--- STUDY MATERIAL Enclosed Below ---

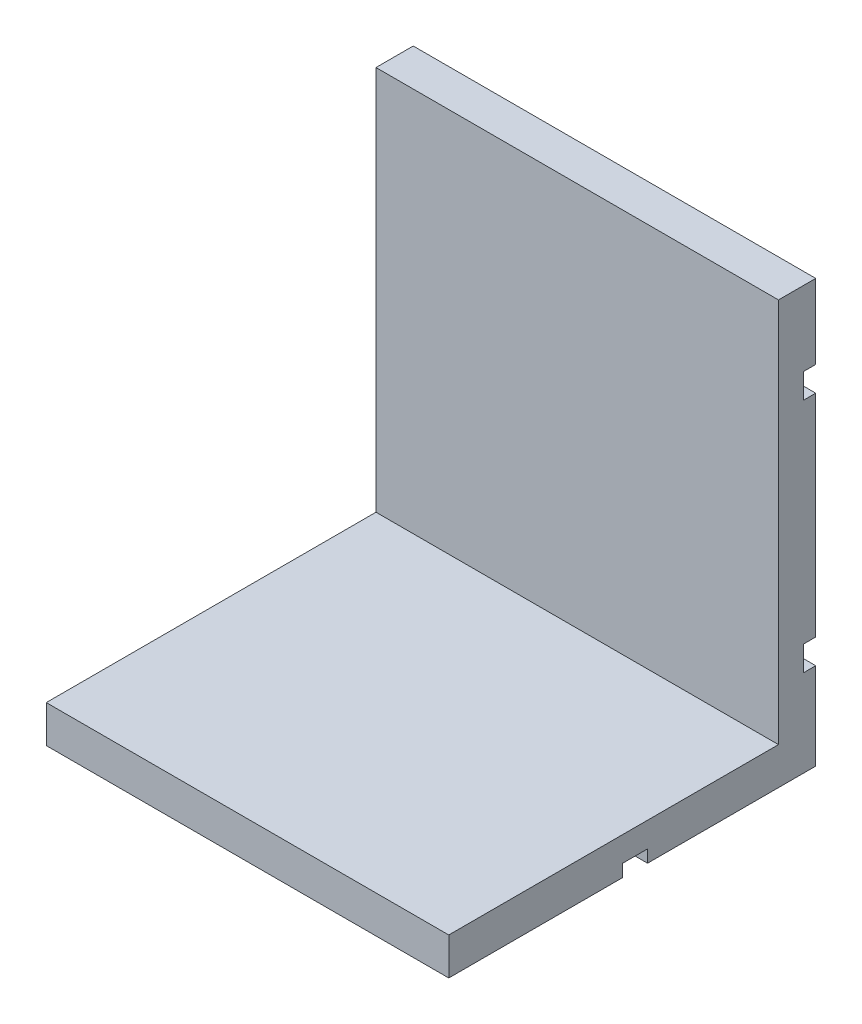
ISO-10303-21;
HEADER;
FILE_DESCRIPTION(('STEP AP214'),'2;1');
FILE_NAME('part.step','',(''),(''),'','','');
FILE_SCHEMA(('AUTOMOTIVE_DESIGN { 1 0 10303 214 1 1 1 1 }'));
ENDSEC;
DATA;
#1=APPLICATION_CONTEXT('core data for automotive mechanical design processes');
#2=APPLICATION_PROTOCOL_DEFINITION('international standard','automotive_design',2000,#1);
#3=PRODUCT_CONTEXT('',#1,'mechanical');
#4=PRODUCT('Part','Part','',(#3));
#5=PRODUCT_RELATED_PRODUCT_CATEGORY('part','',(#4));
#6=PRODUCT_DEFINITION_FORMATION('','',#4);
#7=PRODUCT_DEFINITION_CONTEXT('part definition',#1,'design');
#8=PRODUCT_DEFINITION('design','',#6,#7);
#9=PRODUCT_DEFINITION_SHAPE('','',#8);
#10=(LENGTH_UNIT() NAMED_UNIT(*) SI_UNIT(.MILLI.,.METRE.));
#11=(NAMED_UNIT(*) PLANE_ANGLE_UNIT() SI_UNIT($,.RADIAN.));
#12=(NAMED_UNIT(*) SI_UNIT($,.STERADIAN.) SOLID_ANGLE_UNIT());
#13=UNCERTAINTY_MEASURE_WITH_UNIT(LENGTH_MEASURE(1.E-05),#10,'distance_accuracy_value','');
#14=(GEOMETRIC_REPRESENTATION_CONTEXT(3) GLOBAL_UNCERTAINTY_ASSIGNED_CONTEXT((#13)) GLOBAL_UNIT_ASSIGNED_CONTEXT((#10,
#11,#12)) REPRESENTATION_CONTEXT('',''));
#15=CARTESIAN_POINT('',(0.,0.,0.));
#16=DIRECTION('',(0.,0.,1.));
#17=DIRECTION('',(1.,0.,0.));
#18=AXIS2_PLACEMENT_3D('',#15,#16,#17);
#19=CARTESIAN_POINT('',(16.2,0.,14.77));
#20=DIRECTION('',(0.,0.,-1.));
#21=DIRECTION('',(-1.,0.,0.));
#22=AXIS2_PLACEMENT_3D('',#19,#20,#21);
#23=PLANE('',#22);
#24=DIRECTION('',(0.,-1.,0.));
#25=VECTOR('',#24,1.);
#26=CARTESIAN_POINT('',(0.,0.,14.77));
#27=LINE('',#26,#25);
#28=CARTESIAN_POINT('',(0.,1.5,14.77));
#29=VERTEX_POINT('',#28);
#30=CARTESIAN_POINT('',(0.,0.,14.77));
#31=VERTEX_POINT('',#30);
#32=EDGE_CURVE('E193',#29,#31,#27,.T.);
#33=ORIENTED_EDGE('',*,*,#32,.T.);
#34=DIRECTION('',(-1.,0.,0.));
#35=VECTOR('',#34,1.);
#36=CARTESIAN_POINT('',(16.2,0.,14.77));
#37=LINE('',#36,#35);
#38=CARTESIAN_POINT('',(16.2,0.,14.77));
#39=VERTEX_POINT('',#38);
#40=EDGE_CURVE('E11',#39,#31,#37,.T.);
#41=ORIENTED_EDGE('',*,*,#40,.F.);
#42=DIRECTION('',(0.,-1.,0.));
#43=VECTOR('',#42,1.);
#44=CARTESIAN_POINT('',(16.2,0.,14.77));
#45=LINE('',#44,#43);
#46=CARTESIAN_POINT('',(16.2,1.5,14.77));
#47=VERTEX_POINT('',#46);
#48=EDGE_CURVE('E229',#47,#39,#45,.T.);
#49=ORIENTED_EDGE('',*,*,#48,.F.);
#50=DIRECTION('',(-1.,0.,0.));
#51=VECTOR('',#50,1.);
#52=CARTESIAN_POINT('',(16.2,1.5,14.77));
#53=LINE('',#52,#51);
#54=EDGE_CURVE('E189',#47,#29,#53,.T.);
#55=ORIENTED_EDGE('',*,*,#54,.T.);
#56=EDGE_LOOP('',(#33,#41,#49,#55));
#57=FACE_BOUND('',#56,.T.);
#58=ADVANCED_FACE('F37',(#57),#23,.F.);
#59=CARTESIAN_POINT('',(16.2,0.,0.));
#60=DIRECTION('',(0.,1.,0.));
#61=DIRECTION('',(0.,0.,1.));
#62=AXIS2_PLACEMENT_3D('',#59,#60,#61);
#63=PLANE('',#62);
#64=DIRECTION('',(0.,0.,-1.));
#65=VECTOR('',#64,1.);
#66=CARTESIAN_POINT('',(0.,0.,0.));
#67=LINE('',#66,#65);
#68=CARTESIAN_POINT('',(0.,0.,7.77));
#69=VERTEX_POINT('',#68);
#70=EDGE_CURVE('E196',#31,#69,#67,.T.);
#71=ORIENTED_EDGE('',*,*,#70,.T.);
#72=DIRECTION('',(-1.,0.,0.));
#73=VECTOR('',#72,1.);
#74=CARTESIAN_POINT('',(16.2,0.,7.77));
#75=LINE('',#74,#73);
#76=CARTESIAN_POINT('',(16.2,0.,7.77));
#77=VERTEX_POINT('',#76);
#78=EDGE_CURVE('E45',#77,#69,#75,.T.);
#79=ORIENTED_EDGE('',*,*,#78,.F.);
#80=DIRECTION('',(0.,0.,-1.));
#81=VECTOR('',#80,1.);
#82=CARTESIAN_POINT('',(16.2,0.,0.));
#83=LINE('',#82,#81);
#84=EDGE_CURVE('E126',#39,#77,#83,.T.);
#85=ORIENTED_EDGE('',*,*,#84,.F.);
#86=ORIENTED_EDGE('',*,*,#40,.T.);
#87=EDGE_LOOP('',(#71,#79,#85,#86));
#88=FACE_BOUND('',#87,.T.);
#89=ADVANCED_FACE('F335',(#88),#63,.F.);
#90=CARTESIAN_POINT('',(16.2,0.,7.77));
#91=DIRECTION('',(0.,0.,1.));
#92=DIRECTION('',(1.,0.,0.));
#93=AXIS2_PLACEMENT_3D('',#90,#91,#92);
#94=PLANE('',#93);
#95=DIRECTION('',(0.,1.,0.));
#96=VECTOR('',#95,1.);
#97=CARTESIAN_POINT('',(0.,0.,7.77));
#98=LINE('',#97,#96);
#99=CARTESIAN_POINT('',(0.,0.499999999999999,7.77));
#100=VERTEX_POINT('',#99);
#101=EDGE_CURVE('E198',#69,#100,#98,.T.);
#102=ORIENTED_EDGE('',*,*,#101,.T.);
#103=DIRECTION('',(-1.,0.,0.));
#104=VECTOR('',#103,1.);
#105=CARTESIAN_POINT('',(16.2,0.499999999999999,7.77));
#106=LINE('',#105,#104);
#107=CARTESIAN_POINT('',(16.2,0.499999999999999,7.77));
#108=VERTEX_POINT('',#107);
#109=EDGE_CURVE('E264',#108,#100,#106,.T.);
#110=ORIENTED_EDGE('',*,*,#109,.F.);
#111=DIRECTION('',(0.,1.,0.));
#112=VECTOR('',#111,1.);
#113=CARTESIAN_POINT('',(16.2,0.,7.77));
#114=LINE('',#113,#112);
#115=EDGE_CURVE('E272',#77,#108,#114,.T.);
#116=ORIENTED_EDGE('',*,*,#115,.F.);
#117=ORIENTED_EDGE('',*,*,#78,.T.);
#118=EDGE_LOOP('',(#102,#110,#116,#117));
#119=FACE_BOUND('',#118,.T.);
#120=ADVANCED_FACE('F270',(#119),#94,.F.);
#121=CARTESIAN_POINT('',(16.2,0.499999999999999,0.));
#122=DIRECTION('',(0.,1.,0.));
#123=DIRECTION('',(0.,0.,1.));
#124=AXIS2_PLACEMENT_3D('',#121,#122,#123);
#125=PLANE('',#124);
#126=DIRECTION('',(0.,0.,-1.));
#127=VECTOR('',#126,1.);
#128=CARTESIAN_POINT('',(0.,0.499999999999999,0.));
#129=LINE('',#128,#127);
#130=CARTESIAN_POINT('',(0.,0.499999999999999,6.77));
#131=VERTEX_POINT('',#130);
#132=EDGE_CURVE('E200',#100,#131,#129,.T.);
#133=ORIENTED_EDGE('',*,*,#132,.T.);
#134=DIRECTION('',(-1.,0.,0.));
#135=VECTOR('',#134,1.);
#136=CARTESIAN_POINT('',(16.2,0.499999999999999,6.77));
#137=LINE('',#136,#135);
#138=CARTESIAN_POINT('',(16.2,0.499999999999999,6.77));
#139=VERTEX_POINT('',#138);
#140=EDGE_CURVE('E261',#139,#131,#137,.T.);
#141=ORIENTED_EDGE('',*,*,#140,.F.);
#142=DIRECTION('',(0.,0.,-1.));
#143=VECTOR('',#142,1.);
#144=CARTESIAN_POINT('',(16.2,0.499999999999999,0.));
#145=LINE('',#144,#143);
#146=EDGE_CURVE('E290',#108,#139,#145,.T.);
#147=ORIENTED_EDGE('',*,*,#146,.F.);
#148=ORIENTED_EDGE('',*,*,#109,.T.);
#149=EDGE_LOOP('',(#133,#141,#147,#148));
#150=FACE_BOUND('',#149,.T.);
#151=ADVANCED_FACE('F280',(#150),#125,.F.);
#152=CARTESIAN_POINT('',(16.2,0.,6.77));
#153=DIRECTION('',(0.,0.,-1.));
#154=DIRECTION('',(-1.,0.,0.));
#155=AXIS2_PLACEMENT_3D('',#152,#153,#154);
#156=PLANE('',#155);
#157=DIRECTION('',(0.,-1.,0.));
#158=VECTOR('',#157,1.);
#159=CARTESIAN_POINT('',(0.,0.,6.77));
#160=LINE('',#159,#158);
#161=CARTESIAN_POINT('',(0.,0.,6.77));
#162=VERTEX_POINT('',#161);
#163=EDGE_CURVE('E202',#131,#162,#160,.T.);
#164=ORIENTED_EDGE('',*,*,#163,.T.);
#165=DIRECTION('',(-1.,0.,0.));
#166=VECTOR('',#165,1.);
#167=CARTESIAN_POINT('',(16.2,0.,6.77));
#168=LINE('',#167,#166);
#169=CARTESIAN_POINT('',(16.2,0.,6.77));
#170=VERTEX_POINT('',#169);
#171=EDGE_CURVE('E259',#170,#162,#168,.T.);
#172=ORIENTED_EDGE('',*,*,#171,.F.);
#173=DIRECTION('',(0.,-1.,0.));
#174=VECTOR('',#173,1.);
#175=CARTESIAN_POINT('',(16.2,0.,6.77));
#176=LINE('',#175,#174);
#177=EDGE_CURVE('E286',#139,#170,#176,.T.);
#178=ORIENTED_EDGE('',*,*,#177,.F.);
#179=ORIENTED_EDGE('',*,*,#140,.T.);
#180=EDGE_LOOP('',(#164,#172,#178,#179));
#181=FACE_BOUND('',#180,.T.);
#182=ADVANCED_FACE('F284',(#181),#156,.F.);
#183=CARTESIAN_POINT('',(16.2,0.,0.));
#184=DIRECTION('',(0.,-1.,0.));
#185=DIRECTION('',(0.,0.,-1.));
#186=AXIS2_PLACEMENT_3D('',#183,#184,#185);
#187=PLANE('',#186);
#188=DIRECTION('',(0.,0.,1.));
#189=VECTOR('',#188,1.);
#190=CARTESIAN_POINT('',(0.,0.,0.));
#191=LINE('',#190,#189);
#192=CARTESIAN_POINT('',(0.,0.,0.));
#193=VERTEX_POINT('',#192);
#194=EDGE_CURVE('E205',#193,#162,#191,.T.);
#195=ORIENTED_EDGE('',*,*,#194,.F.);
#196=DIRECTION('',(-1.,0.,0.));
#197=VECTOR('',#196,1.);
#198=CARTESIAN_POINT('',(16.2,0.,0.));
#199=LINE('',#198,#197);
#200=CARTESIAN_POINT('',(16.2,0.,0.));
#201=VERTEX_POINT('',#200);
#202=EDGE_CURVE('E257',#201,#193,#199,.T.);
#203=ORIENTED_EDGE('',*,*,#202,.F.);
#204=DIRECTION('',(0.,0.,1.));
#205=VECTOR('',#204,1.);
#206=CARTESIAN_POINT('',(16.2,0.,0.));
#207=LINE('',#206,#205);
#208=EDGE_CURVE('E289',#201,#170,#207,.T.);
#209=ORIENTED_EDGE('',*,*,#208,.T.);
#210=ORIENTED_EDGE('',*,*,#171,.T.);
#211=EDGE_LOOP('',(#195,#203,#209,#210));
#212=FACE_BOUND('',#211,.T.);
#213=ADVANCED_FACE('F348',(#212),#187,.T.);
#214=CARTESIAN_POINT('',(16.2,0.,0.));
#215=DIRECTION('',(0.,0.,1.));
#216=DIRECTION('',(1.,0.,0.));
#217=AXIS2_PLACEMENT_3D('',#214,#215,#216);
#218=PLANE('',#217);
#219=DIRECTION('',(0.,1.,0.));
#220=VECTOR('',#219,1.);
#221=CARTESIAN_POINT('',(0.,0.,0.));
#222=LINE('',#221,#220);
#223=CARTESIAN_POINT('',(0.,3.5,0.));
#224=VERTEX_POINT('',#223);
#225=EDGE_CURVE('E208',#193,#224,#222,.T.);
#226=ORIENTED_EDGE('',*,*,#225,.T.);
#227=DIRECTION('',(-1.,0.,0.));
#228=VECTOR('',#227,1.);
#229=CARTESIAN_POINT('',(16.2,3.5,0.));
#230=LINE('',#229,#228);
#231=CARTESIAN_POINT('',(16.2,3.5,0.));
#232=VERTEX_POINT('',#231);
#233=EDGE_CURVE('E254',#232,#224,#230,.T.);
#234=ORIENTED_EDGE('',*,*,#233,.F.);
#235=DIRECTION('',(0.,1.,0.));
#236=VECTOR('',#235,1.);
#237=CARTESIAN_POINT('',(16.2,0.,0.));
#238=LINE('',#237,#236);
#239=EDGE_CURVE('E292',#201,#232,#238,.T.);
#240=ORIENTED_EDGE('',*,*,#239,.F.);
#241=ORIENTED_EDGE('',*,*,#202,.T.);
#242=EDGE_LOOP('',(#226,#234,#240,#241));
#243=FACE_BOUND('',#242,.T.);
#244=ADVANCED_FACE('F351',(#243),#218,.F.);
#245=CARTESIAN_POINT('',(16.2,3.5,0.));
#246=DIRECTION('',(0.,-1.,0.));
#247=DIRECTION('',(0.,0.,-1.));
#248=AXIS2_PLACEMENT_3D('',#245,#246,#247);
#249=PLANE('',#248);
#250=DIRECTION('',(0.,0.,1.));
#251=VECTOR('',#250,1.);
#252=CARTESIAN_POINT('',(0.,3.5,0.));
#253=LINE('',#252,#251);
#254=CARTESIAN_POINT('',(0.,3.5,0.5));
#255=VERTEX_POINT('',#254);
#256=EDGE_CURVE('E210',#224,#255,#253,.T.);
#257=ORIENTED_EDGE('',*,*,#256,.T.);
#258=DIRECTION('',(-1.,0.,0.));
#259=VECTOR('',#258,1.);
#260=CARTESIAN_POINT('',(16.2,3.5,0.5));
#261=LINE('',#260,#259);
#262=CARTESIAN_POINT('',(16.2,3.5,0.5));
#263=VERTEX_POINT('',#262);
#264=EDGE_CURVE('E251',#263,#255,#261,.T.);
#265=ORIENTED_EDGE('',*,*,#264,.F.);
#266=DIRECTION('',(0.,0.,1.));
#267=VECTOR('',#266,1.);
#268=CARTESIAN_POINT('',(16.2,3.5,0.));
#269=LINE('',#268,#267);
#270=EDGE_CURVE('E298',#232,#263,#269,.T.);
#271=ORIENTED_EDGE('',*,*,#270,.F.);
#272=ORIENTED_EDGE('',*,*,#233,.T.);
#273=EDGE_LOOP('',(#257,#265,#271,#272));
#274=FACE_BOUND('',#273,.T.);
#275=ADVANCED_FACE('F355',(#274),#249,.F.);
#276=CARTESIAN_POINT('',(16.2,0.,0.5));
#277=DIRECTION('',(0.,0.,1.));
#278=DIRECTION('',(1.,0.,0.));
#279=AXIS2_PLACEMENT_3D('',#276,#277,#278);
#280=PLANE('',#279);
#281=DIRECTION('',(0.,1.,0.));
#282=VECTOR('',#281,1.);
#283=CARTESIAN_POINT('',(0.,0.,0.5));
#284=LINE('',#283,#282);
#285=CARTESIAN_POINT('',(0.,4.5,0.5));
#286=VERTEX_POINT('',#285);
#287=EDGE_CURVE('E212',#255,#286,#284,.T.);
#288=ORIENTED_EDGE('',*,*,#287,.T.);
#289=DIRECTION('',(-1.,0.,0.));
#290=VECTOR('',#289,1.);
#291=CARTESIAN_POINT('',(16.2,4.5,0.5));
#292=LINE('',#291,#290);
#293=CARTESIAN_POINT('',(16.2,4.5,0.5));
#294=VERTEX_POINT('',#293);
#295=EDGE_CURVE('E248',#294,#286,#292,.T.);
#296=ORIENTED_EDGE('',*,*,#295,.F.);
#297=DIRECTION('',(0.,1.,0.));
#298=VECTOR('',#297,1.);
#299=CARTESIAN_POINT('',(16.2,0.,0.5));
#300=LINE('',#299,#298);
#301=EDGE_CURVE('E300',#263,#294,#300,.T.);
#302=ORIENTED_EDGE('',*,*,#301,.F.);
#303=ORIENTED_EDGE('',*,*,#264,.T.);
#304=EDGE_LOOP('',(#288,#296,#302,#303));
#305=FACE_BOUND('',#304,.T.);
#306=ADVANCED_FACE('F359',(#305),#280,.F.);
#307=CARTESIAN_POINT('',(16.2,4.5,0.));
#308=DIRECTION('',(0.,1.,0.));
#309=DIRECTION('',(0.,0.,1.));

--- End of Enclosed STUDY MATERIAL ---

→ WHAT NEEDS TO BE DONE
From the records above, print exactly the lines that run from the line with "#299=CARTESIAN_POINT('',(16.2,0.,0.5));" to the line with "#304=EDGE_LOOP('',(#288,#296,#302,#303));", inclusive.

→ ANSWER AREA
#299=CARTESIAN_POINT('',(16.2,0.,0.5));
#300=LINE('',#299,#298);
#301=EDGE_CURVE('E300',#263,#294,#300,.T.);
#302=ORIENTED_EDGE('',*,*,#301,.F.);
#303=ORIENTED_EDGE('',*,*,#264,.T.);
#304=EDGE_LOOP('',(#288,#296,#302,#303));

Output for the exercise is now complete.